### What to do
Keep every line in which "side" occurs and drop the rest of the data.

Stored dataset items
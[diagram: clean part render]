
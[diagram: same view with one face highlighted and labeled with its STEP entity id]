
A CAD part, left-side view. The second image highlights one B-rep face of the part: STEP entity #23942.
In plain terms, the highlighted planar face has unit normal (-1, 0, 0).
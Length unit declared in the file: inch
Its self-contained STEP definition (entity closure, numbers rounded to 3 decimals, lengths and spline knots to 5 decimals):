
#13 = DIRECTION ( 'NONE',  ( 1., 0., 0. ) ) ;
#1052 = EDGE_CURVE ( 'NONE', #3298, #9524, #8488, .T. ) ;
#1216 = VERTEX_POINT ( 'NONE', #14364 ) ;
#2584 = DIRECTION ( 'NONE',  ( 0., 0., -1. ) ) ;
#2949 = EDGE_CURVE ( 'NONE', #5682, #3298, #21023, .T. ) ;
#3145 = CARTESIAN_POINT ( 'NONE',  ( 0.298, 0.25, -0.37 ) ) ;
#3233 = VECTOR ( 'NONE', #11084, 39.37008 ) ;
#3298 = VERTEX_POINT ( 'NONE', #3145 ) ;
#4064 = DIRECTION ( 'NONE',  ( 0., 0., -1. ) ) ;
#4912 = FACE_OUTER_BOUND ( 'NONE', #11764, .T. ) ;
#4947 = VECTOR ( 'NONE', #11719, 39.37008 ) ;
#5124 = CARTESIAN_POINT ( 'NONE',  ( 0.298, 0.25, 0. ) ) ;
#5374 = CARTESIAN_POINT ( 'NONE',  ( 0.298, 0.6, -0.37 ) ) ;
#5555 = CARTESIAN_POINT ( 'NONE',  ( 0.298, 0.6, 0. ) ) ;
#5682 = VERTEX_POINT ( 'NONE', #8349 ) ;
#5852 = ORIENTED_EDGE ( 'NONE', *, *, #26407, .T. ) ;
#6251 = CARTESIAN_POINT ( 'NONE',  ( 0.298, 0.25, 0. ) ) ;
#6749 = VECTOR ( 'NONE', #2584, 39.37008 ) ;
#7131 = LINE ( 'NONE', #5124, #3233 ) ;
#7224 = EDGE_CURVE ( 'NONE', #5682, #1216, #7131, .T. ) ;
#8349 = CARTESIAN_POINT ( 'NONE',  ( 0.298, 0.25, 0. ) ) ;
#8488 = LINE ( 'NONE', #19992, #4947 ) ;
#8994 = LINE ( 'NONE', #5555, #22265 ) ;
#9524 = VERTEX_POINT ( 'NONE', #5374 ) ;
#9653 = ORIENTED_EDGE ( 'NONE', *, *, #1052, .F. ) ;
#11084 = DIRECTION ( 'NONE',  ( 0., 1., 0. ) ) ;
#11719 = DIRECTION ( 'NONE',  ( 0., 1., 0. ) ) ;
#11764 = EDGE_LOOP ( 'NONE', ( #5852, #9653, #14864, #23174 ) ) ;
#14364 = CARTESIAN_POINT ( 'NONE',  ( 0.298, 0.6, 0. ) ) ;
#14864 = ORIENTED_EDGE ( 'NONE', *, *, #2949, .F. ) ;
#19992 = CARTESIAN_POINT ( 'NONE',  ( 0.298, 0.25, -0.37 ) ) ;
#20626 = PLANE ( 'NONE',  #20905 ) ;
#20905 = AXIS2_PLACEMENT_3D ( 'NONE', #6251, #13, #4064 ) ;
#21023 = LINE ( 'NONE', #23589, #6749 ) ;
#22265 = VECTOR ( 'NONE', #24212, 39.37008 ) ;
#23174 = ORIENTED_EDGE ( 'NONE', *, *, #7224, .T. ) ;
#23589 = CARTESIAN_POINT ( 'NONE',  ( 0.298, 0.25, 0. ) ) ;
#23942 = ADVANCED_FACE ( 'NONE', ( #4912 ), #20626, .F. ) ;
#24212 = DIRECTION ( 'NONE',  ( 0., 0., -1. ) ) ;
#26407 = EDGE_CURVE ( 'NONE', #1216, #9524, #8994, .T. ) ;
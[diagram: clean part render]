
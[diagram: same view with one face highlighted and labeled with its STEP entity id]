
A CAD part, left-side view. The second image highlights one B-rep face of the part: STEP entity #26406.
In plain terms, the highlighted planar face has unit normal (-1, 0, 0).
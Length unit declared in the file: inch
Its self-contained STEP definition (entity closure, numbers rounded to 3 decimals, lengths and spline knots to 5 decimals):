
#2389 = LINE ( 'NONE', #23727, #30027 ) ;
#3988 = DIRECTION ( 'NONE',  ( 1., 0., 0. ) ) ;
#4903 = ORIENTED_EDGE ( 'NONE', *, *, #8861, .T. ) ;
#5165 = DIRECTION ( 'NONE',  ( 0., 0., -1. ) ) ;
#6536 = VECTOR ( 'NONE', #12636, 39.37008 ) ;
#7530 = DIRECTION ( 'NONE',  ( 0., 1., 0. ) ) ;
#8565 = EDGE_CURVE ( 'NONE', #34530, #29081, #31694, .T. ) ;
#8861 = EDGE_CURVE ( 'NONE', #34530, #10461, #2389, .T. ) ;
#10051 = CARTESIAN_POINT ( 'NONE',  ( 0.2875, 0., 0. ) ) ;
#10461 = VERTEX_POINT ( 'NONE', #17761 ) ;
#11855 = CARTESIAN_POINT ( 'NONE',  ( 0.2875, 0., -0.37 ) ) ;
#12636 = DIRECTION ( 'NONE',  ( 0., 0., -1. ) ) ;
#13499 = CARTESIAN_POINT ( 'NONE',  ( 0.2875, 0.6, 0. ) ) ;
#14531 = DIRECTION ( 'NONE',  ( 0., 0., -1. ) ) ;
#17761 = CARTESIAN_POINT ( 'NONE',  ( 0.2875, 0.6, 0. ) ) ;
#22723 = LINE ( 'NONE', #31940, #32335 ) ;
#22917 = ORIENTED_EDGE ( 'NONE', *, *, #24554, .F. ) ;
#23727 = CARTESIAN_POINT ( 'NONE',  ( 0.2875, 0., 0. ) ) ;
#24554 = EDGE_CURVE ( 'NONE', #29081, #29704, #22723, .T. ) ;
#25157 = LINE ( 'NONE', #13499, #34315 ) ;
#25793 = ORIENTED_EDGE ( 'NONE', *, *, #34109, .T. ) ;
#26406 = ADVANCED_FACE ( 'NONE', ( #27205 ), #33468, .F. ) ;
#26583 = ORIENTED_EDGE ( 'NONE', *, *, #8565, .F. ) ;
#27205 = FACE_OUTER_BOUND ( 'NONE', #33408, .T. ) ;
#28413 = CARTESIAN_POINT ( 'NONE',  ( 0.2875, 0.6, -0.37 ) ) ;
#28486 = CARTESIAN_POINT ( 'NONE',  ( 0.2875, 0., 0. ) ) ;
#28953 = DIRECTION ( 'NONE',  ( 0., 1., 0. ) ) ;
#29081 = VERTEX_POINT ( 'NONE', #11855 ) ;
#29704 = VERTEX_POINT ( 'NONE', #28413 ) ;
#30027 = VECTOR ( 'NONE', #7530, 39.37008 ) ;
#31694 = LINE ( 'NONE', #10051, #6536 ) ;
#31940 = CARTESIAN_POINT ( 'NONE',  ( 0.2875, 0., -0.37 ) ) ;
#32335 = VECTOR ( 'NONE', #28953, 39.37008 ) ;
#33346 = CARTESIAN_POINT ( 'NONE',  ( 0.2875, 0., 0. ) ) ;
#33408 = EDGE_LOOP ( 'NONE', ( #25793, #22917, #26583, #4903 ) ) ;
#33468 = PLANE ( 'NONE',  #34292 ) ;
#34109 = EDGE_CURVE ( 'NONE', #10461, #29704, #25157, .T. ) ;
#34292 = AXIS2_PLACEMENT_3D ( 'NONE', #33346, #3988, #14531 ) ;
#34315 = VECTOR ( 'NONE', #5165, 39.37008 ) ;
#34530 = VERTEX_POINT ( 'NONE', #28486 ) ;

### Response area
A CAD part, left-side view. The second image highlights one B-rep face of the part: STEP entity #23942.
A CAD part, left-side view. The second image highlights one B-rep face of the part: STEP entity #26406.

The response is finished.